January 21st, 2015 | Posted by pftq in Society | #
This is primarily a response to Erik McClure's blog post on age discrimination.

I'm of the same age, followed a roughly similar path through school, and also thought that young adults in general were fully capable if given the chance. I've since graduated and moved to the SF Bay Area though; you'd be surprised just how many new college grads actually cannot think freely and critically. I'm sure you must have seen at least a few headlines pointing out some of the absurdity in Silicon Valley now. (Having lived here for 6 years now, I'd say the media actually understates how nonsensical some of the thinking around here is, but that's for another discussion.) That's not to say we should box people up even more when they're younger, just that I can see where some of the prejudice is coming from (yet it can be argued that it's a self-fulfilling prophecy from treating people like drones in the first place).

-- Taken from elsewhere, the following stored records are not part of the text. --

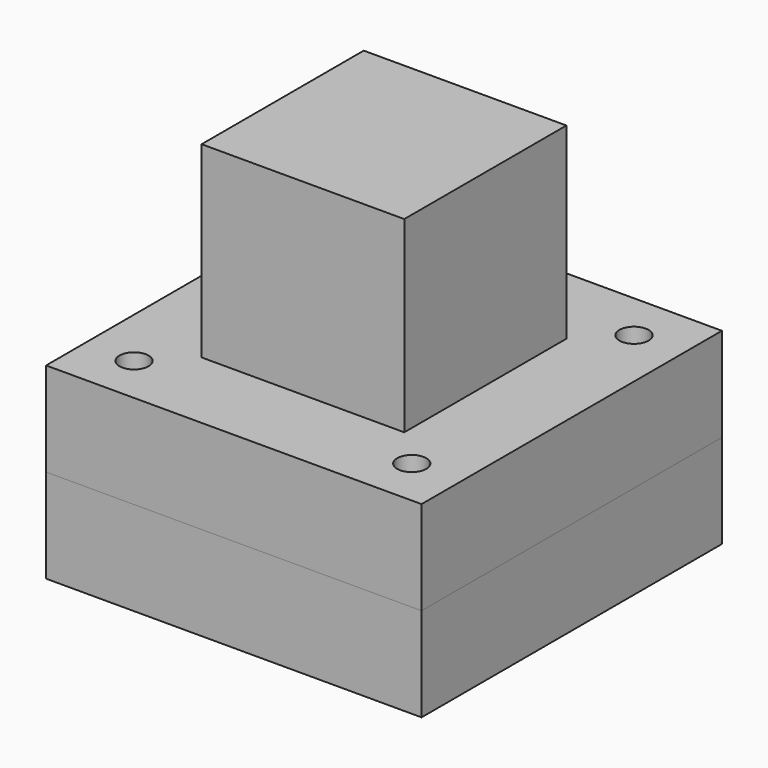
from build123d import *

# Parameters (mm, degrees)
F0_W     = 80
F0_H     = 80
F1_DEPTH = 10
F0_R     = 3
F2_W     = 80
F2_H     = 80
F2_R     = 3
F3_DEPTH = 20
F4_W     = 80
F4_H     = 80
F5_DEPTH = 10
F6_W     = 43.18
F6_H     = 43.18
F6_R     = 1.5
F6_R_2   = 3
F7_DEPTH = 40
F6_R_3   = 3.1
F8_DEPTH = 25


with BuildPart() as f1:
    # F0 (on Top) → F1 (new body)
    with BuildSketch(Plane.XY):
        Rectangle(F0_W, F0_H)
        with BuildLine():
            ThreePointArc((-24.7487373417, -24.7487373413), (-35, 1.228e-07), (-24.7487371681, 24.748737515))
            ThreePointArc((-24.7487371681, 24.748737515), (1.227e-07, 35), (24.7487373415, 24.7487373415))
            ThreePointArc((24.7487373415, 24.7487373415), (32.3357836379, 13.3939201328), (35, 0))
            ThreePointArc((35, 0), (32.3357836202, -13.3939201755), (24.7487372761, -24.7487374069))
            ThreePointArc((24.7487372761, -24.7487374069), (-4.64e-08, -35), (-24.7487373417, -24.7487373413))
        make_face(mode=Mode.SUBTRACT)
    extrude(amount=-F1_DEPTH)

    # F4 (on face) → F5 (join)
    with BuildSketch(Plane.XY):
        Rectangle(F4_W, F4_H)
    extrude(amount=F5_DEPTH)

    # F6 (on face) → F8 (cut)
    with BuildSketch(Plane.XY.offset(10)):
        with Locations((19.59, -19.59)):
            Circle(F6_R)
        with Locations((-19.59, -19.59)):
            Circle(F6_R)
        with Locations((-19.59, 19.59)):
            Circle(F6_R)
        with Locations((19.59, 19.59)):
            Circle(F6_R)
        Circle(F6_R_2)
        with Locations((-29.59, -29.59)):
            Circle(F6_R_3)
        with Locations((29.59, -29.59)):
            Circle(F6_R_3)
        with Locations((-29.59, 29.59)):
            Circle(F6_R_3)
        with Locations((29.59, 29.59)):
            Circle(F6_R_3)
    extrude(amount=-F8_DEPTH, mode=Mode.SUBTRACT)


with BuildPart() as f1b:
    # F0 (on Top) → F1, piece 2 (new body)
    with BuildSketch(Plane.XY):
        with BuildLine():
            ThreePointArc((-8.2495791516, 8.2495790761), (-5.7205636919, 12.0345181588), (-4.832491561, 16.4991582277))
            ThreePointArc((-4.832491561, 16.4991582277), (-12.0345180701, 27.2777527267), (-24.7487371681, 24.748737515))
            ThreePointArc((-24.7487371681, 24.748737515), (-24.7487374471, 8.2495792195), (-8.2495791516, 8.2495790761))
        make_face()
        with Locations((-16.4991582277, 16.4991582277)):
            Circle(F0_R, mode=Mode.SUBTRACT)
    extrude(amount=-F1_DEPTH)


with BuildPart() as f1c:
    # F0 (on Top) → F1, piece 3 (new body)
    with BuildSketch(Plane.XY):
        with BuildLine():
            ThreePointArc((28.1658248944, 16.4991582277), (27.2777527737, 20.9637982719), (24.7487373415, 24.7487373415))
            ThreePointArc((24.7487373415, 24.7487373415), (8.24957912, 24.7487373477), (8.2495791015, 8.2495791262))
            ThreePointArc((8.2495791015, 8.2495791262), (20.9637982639, 5.7205636784), (28.1658248944, 16.4991582277))
        make_face()
        with Locations((16.4991582277, 16.4991582277)):
            Circle(F0_R, mode=Mode.SUBTRACT)
    extrude(amount=-F1_DEPTH)


with BuildPart() as f1d:
    # F0 (on Top) → F1, piece 4 (new body)
    with BuildSketch(Plane.XY):
        with BuildLine():
            ThreePointArc((-8.2495791138, -8.2495791138), (-24.7487373414, -8.2495791137), (-24.7487373417, -24.7487373413))
            ThreePointArc((-24.7487373417, -24.7487373413), (-12.0345181836, -27.2777527737), (-4.832491561, -16.4991582277))
            ThreePointArc((-4.832491561, -16.4991582277), (-5.7205636817, -12.0345181834), (-8.2495791138, -8.2495791138))
        make_face()
        with Locations((-16.4991582277, -16.4991582277)):
            Circle(F0_R, mode=Mode.SUBTRACT)
    extrude(amount=-F1_DEPTH)


with BuildPart() as f1e:
    # F0 (on Top) → F1, piece 5 (new body)
    with BuildSketch(Plane.XY):
        with BuildLine():
            ThreePointArc((8.2495791392, -8.2495790884), (8.2495790684, -24.7487372961), (24.7487372761, -24.7487374069))
            ThreePointArc((24.7487372761, -24.7487374069), (27.277752756, -20.9637983147), (28.1658248944, -16.4991582277))
            ThreePointArc((28.1658248944, -16.4991582277), (20.9637982885, -5.7205636886), (8.2495791392, -8.2495790884))
        make_face()
        with Locations((16.4991582277, -16.4991582277)):
            Circle(F0_R, mode=Mode.SUBTRACT)
    extrude(amount=-F1_DEPTH)


with BuildPart() as f1f:
    # F0 (on Top) → F1, piece 6 (new body)
    with BuildSketch(Plane.XY):
        with BuildLine():
            ThreePointArc((8.2495791015, 8.2495791262), (-3.54e-08, 11.6666666667), (-8.2495791516, 8.2495790761))
            ThreePointArc((-8.2495791516, 8.2495790761), (-11.6666666667, -2.67e-08), (-8.2495791138, -8.2495791138))
            ThreePointArc((-8.2495791138, -8.2495791138), (1.8e-08, -11.6666666667), (8.2495791392, -8.2495790884))
            ThreePointArc((8.2495791392, -8.2495790884), (10.7785945528, -4.4646400277), (11.6666666667, 0))
            ThreePointArc((11.6666666667, 0), (10.7785945426, 4.4646400523), (8.2495791015, 8.2495791262))
        make_face()
        Circle(F0_R, mode=Mode.SUBTRACT)
    extrude(amount=-F1_DEPTH)


with BuildPart() as f3:
    # F2 (on face) → F3 (new body)
    with BuildSketch(Plane(origin=(0, 0, -10), x_dir=(1, 0, 0), z_dir=(0, 0, -1))):
        Rectangle(F2_W, F2_H)
        with Locations((-16.4991582277, -16.4991582277)):
            Circle(F2_R, mode=Mode.SUBTRACT)
        with Locations((16.4991582277, -16.4991582277)):
            Circle(F2_R, mode=Mode.SUBTRACT)
        with Locations((-16.4991582277, 16.4991582277)):
            Circle(F2_R, mode=Mode.SUBTRACT)
        with Locations((16.4991582277, 16.4991582277)):
            Circle(F2_R, mode=Mode.SUBTRACT)
    extrude(amount=F3_DEPTH)


with BuildPart() as f7:
    # F6 (on face) → F7 (new body)
    with BuildSketch(Plane.XY.offset(10)):
        Rectangle(F6_W, F6_H)
        with Locations((-19.59, -19.59)):
            Circle(F6_R, mode=Mode.SUBTRACT)
        with Locations((19.59, -19.59)):
            Circle(F6_R, mode=Mode.SUBTRACT)
        with Locations((-19.59, 19.59)):
            Circle(F6_R, mode=Mode.SUBTRACT)
        Circle(F6_R_2, mode=Mode.SUBTRACT)
        with Locations((19.59, 19.59)):
            Circle(F6_R, mode=Mode.SUBTRACT)
        Circle(F6_R_2)
        with Locations((19.59, -19.59)):
            Circle(F6_R)
        with Locations((-19.59, -19.59)):
            Circle(F6_R)
        with Locations((-19.59, 19.59)):
            Circle(F6_R)
        with Locations((19.59, 19.59)):
            Circle(F6_R)
    extrude(amount=F7_DEPTH)


solid = Compound([f1.part, f1b.part, f1c.part, f1d.part, f1e.part, f1f.part, f3.part, f7.part])

Speaking on just my own experience in the SF Bay Area though, my thoughts are not so much that the issue is a prejudice against age as much as the issue is an overemphasis on credentials, test scores, and numbers in general. The problems with education today are what I personally see more as part of an overall lack of critical and creative thinking in society - too much data driven. People just want to look at some threshold, do an if-greater-then condition, and be done. If you look at some of the most talented programmers, as an example, many actually do not have a formal degree in Computer Science or are self taught; recruiting based on numbers like we do now would never find them and actually weed them out. On the other side of things, I've met engineers from Ivy League schools who can barely code but get the job nonetheless from great marks in school; some cannot build a program from scratch at all unless you give them the skeleton to fill in the details on, which is arguably the bulk of the work.  I've come across engineers from firms as prestigious as Google who would not even dare explore restaurants without some external confirmation of their decisions, justifying their decisions with "social validation" (their words, not mine); there's actual fear in their eyes at the thought of going somewhere that doesn't have enough Yelp reviews, fear of the uncertainty and making any decision not backed with numbers. Of course, this is flawed thinking, lots of appeal to majority, authority, and other fallacies, but the sad part is a lot of our peers who do this most likely are not even aware of what things like logical fallacies are (in a non-math context). If you've read books like "City and the Stars" or "Childhood's End", it is getting quite close to that at least in some pockets of the country.

I agree with...[More]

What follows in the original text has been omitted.